=== PROVIDED DATA ===
────────────────────

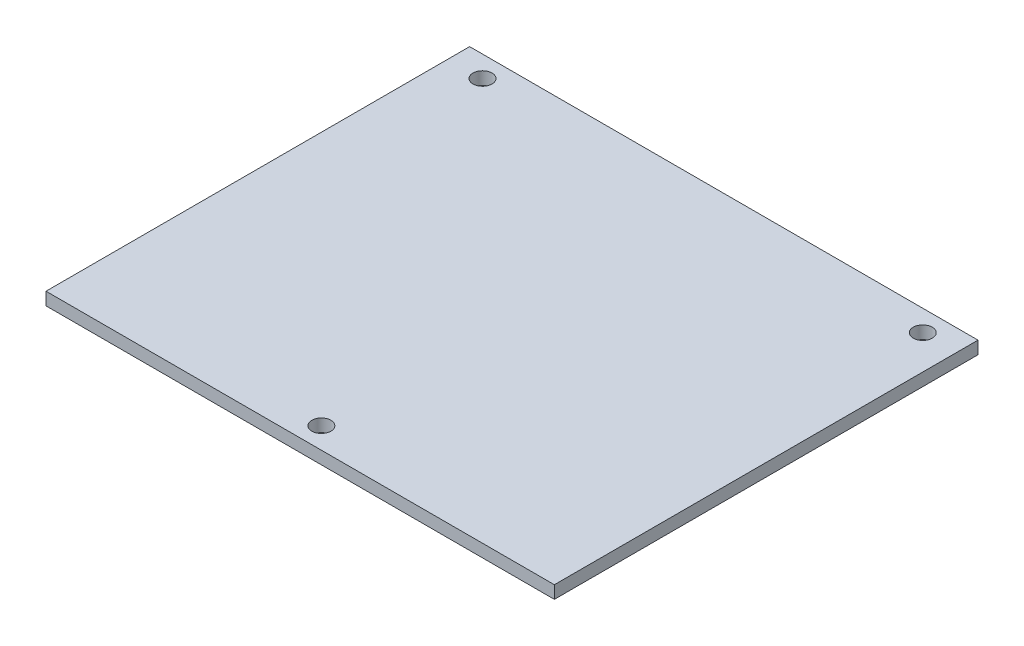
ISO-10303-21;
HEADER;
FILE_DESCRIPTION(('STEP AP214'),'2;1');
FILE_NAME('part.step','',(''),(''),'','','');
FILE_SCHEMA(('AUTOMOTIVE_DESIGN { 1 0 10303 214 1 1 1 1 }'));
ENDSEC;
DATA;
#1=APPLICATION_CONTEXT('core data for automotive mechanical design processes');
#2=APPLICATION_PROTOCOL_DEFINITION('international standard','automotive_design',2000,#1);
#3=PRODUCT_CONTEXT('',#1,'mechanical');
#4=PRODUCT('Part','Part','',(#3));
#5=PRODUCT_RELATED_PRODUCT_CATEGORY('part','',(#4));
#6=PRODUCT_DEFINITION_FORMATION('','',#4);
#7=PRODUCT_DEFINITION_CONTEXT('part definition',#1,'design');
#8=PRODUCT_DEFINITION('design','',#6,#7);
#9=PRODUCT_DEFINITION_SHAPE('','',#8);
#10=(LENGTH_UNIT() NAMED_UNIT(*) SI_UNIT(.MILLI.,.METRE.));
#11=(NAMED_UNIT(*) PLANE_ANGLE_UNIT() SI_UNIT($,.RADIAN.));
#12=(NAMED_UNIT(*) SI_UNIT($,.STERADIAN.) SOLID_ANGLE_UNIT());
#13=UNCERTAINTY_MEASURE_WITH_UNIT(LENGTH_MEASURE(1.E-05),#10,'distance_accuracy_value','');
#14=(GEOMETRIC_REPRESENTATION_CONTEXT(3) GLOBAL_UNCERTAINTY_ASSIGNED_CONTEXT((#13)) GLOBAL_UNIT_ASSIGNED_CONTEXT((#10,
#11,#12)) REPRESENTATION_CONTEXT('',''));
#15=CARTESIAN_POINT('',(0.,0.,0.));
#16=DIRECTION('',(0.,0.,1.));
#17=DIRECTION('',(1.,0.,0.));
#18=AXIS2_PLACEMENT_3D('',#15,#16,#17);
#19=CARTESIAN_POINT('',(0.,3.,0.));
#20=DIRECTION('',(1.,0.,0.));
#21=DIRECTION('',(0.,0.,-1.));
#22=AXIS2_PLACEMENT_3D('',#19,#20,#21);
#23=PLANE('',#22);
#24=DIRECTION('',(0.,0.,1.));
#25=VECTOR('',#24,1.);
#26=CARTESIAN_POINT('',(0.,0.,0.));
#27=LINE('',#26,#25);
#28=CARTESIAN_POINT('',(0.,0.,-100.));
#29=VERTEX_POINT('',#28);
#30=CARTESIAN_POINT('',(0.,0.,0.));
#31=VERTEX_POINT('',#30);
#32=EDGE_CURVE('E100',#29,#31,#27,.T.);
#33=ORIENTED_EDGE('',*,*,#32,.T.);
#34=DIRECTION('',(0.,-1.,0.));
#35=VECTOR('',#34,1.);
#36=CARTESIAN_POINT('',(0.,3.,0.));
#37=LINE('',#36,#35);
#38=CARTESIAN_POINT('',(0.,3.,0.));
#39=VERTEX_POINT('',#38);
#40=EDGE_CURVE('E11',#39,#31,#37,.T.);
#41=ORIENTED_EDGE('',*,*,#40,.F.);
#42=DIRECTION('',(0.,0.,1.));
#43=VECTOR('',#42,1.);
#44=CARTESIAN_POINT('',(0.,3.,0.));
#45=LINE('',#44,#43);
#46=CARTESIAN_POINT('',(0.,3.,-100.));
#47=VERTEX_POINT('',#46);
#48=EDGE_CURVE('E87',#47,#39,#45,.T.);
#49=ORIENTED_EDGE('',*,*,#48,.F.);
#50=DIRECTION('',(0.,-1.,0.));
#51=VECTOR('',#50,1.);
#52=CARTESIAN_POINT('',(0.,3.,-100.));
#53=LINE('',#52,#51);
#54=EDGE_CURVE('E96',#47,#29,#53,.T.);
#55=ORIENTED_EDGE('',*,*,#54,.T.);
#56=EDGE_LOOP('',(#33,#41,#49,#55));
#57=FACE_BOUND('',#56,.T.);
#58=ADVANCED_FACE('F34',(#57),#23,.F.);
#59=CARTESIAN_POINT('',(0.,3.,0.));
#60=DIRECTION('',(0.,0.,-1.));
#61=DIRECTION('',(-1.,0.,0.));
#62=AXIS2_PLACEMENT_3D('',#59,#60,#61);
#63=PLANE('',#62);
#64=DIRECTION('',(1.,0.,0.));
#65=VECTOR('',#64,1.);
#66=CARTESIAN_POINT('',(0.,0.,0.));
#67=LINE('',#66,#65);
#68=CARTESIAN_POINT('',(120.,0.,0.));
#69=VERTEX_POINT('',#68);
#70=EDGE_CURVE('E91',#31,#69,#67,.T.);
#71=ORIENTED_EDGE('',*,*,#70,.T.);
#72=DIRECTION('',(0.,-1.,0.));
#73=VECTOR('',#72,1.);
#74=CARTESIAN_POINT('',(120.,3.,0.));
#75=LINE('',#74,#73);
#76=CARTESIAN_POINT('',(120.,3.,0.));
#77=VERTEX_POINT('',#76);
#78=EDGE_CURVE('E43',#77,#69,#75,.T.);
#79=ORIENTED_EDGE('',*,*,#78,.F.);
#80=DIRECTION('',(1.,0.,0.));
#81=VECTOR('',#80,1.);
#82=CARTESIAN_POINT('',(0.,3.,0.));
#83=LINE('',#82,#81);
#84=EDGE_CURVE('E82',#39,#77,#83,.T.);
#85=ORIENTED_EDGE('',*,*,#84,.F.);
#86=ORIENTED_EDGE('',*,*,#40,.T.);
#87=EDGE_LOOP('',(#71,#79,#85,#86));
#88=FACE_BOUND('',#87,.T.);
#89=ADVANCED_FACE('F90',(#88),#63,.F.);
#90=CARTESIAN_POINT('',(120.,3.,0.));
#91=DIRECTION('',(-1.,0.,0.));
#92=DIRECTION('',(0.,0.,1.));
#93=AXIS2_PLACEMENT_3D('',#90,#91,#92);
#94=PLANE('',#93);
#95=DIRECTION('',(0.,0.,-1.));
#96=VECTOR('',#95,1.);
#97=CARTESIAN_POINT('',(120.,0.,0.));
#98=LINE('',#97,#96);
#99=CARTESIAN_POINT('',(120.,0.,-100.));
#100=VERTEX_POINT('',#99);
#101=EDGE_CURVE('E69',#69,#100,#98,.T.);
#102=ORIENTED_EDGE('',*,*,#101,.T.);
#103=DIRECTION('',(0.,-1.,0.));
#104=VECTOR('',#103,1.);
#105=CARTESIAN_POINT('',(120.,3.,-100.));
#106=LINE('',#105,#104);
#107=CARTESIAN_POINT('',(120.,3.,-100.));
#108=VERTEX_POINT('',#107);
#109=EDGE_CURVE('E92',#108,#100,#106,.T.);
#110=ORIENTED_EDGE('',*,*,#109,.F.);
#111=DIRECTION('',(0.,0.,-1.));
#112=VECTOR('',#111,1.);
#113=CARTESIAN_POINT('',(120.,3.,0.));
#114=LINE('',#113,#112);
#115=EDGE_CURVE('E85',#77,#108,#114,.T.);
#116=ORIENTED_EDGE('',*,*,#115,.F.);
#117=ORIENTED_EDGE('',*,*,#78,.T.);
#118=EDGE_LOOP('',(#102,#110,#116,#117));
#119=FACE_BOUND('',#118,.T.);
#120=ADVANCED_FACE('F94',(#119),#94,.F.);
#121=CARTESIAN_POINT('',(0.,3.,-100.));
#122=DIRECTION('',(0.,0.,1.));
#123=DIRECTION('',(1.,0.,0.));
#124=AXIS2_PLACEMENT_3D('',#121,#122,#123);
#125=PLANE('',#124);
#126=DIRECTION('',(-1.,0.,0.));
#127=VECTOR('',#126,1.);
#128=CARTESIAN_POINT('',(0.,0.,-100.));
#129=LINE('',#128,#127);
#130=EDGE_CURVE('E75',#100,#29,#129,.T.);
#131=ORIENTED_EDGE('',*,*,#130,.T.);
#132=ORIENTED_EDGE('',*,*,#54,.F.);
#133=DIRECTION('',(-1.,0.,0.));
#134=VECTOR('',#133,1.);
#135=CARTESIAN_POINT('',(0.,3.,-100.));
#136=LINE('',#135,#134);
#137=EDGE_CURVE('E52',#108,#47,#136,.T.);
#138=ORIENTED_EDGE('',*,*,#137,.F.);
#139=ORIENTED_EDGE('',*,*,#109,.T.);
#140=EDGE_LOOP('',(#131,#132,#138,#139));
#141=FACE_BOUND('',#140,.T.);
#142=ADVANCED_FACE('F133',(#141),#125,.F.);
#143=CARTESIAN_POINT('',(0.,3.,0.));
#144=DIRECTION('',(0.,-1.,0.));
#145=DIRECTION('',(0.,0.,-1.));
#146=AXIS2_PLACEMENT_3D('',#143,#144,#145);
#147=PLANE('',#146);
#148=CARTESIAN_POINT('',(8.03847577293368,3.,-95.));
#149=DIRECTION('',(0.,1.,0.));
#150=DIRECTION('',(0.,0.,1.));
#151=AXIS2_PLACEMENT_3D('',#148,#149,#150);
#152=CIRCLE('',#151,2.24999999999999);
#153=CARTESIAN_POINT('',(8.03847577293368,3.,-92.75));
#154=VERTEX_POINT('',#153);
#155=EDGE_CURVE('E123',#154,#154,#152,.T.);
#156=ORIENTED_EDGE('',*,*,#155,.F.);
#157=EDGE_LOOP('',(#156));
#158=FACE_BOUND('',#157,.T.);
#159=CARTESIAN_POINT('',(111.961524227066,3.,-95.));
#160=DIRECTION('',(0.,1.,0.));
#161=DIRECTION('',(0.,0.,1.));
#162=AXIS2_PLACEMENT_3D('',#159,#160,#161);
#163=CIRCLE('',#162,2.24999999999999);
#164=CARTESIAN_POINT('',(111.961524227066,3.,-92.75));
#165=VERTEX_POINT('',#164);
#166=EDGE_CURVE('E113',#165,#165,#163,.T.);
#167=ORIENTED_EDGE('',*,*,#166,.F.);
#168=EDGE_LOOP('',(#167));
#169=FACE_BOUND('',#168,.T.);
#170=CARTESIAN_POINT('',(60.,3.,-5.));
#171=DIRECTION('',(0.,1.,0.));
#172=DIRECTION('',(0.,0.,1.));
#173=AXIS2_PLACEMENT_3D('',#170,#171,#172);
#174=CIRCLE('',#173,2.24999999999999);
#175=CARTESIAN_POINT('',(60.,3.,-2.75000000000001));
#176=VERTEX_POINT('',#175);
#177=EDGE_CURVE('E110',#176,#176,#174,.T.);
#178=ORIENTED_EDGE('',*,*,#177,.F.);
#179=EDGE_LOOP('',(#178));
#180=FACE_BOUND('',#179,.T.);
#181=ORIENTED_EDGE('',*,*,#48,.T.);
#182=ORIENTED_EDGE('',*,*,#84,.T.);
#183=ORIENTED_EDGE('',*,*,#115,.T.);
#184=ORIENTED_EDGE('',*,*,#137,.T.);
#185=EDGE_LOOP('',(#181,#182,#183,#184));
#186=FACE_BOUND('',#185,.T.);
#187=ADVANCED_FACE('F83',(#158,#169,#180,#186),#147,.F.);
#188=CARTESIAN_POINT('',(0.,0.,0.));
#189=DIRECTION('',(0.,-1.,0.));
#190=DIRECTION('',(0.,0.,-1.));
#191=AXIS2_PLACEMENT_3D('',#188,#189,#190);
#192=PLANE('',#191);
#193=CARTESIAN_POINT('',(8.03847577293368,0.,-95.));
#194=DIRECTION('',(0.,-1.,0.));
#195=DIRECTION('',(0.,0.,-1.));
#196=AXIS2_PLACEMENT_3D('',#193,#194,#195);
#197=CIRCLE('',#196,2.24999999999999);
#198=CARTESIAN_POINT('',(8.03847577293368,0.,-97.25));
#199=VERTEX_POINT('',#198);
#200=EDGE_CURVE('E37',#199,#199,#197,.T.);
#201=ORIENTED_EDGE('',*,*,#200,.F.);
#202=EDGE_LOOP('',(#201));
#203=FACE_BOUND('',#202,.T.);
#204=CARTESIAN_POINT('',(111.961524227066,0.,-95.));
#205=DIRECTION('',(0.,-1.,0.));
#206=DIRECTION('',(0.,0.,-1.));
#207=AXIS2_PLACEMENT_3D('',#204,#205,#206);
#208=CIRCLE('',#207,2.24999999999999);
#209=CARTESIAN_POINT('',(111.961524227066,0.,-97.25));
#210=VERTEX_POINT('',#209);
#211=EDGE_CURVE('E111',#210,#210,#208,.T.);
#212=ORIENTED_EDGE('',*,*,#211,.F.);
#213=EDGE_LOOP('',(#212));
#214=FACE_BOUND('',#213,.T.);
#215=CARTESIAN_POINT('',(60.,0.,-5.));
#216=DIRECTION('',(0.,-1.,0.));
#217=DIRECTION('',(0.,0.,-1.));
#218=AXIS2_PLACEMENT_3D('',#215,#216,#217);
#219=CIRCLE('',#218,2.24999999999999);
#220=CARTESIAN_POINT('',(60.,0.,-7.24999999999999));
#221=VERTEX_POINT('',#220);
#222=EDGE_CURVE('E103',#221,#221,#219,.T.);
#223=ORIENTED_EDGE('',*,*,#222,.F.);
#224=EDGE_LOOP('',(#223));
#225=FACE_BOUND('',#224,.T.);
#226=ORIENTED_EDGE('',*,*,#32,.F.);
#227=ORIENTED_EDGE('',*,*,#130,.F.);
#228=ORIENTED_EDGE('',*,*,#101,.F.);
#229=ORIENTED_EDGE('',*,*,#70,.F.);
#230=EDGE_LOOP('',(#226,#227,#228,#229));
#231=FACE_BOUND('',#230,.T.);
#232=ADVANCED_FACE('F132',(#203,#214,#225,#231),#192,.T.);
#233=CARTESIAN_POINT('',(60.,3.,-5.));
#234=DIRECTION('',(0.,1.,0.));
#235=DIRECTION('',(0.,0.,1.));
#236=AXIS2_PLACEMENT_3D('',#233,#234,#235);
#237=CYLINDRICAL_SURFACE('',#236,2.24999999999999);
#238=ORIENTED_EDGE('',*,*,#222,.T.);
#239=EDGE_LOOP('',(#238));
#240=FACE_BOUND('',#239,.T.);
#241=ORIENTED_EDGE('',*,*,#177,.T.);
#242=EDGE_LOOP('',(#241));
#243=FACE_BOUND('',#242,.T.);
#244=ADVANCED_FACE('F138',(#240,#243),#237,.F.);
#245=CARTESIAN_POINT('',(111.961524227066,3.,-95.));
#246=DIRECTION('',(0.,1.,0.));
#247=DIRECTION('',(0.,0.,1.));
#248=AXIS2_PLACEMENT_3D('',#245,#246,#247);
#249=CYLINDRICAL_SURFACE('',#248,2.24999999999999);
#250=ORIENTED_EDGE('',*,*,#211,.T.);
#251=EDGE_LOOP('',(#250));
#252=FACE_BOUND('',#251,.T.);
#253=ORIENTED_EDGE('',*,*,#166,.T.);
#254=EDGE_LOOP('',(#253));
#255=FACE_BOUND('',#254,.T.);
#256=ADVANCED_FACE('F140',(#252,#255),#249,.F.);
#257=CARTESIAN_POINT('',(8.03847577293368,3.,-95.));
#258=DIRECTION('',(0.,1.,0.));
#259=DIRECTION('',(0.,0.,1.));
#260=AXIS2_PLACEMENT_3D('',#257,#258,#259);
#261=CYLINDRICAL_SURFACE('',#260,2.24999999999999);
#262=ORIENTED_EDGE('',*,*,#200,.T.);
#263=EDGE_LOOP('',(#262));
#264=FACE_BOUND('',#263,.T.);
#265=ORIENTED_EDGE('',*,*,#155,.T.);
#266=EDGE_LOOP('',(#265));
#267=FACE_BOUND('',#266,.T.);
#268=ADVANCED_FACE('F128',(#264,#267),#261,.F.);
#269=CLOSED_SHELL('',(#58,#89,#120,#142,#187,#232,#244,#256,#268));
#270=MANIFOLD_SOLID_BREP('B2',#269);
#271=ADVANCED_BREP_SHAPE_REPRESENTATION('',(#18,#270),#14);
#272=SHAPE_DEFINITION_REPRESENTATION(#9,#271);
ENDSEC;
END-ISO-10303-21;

────────────────────

=== TASK DIRECTIONS ===
Above this task is a listing. Restate, word for word and with nothing added, the lines from the one with "#96=VECTOR('',#95,1.);" through the one with "#103=DIRECTION('',(0.,-1.,0.));".

=== SOLUTION TO THE PROBLEM ===
#96=VECTOR('',#95,1.);
#97=CARTESIAN_POINT('',(120.,0.,0.));
#98=LINE('',#97,#96);
#99=CARTESIAN_POINT('',(120.,0.,-100.));
#100=VERTEX_POINT('',#99);
#101=EDGE_CURVE('E69',#69,#100,#98,.T.);
#102=ORIENTED_EDGE('',*,*,#101,.T.);
#103=DIRECTION('',(0.,-1.,0.));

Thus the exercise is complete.